- TASK STATEMENT -
Write out again only the lines that run from the start of the entries to the line containing "mask Display: disp(label);", both included.
=== RECORDS ===
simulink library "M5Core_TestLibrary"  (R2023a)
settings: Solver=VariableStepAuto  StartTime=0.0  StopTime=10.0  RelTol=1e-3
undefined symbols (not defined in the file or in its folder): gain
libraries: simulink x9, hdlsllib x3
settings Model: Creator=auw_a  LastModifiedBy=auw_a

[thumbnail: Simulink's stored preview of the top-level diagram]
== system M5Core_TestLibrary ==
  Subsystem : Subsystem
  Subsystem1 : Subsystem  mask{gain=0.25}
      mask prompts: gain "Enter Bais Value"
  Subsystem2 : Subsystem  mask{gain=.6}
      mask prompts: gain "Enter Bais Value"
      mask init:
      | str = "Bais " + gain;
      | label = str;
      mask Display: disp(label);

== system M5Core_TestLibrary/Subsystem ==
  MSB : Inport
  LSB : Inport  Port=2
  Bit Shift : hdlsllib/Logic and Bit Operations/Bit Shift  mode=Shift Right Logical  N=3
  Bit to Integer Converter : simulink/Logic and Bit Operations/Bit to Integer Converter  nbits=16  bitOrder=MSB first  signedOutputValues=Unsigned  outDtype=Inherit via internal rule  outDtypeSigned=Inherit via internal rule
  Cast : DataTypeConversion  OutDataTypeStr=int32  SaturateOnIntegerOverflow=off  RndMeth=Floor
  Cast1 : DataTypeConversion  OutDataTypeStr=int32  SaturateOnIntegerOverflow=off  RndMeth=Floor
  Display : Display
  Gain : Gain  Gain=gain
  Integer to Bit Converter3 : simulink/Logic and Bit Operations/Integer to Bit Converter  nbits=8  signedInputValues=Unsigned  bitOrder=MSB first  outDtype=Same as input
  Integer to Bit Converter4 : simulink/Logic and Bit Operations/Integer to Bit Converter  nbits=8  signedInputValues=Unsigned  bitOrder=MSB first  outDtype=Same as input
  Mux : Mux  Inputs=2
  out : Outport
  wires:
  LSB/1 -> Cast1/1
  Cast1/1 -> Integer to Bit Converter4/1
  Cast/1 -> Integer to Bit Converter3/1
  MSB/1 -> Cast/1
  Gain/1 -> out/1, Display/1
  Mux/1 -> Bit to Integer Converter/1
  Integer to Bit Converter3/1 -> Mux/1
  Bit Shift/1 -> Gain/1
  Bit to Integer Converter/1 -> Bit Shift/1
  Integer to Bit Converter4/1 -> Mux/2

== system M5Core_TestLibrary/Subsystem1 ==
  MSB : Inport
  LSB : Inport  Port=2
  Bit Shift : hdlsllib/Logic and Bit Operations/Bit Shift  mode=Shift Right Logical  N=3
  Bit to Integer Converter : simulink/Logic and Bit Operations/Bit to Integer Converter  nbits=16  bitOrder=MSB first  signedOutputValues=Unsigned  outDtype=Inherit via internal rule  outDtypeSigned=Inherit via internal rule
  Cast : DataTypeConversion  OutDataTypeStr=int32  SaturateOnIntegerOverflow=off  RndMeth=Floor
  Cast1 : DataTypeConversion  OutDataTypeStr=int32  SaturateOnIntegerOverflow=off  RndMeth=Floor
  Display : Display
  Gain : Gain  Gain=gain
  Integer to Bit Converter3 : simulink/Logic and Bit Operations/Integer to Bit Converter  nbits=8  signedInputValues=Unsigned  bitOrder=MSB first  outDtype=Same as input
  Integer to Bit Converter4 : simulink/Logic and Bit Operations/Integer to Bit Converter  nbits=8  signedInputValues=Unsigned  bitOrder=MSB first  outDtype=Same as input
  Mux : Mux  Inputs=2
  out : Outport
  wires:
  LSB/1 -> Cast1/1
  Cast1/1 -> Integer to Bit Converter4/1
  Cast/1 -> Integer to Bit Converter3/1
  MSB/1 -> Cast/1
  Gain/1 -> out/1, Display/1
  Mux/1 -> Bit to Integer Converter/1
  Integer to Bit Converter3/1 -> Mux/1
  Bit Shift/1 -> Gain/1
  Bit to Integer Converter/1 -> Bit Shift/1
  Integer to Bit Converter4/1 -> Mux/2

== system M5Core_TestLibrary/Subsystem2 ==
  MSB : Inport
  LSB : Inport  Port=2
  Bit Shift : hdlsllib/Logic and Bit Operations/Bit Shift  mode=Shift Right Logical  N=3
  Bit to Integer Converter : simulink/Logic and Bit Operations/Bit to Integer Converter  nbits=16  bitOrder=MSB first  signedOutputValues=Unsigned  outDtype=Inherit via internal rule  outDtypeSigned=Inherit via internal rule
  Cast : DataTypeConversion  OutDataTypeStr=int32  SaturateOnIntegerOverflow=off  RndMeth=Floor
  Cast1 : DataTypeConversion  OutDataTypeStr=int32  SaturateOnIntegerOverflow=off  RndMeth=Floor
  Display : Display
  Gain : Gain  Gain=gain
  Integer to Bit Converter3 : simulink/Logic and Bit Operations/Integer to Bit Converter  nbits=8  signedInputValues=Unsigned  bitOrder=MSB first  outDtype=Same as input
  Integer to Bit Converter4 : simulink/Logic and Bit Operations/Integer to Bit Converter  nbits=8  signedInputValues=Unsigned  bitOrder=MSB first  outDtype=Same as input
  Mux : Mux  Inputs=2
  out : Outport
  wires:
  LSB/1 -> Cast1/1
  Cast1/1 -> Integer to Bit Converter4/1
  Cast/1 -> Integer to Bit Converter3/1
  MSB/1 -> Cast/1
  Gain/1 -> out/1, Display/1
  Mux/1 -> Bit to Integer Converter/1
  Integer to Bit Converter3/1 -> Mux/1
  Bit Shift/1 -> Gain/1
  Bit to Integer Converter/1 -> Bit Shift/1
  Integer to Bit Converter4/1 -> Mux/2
===
- TASK OUTPUT -
simulink library "M5Core_TestLibrary"  (R2023a)
settings: Solver=VariableStepAuto  StartTime=0.0  StopTime=10.0  RelTol=1e-3
undefined symbols (not defined in the file or in its folder): gain
libraries: simulink x9, hdlsllib x3
settings Model: Creator=auw_a  LastModifiedBy=auw_a

[thumbnail: Simulink's stored preview of the top-level diagram]
== system M5Core_TestLibrary ==
  Subsystem : Subsystem
  Subsystem1 : Subsystem  mask{gain=0.25}
      mask prompts: gain "Enter Bais Value"
  Subsystem2 : Subsystem  mask{gain=.6}
      mask prompts: gain "Enter Bais Value"
      mask init:
      | str = "Bais " + gain;
      | label = str;
      mask Display: disp(label);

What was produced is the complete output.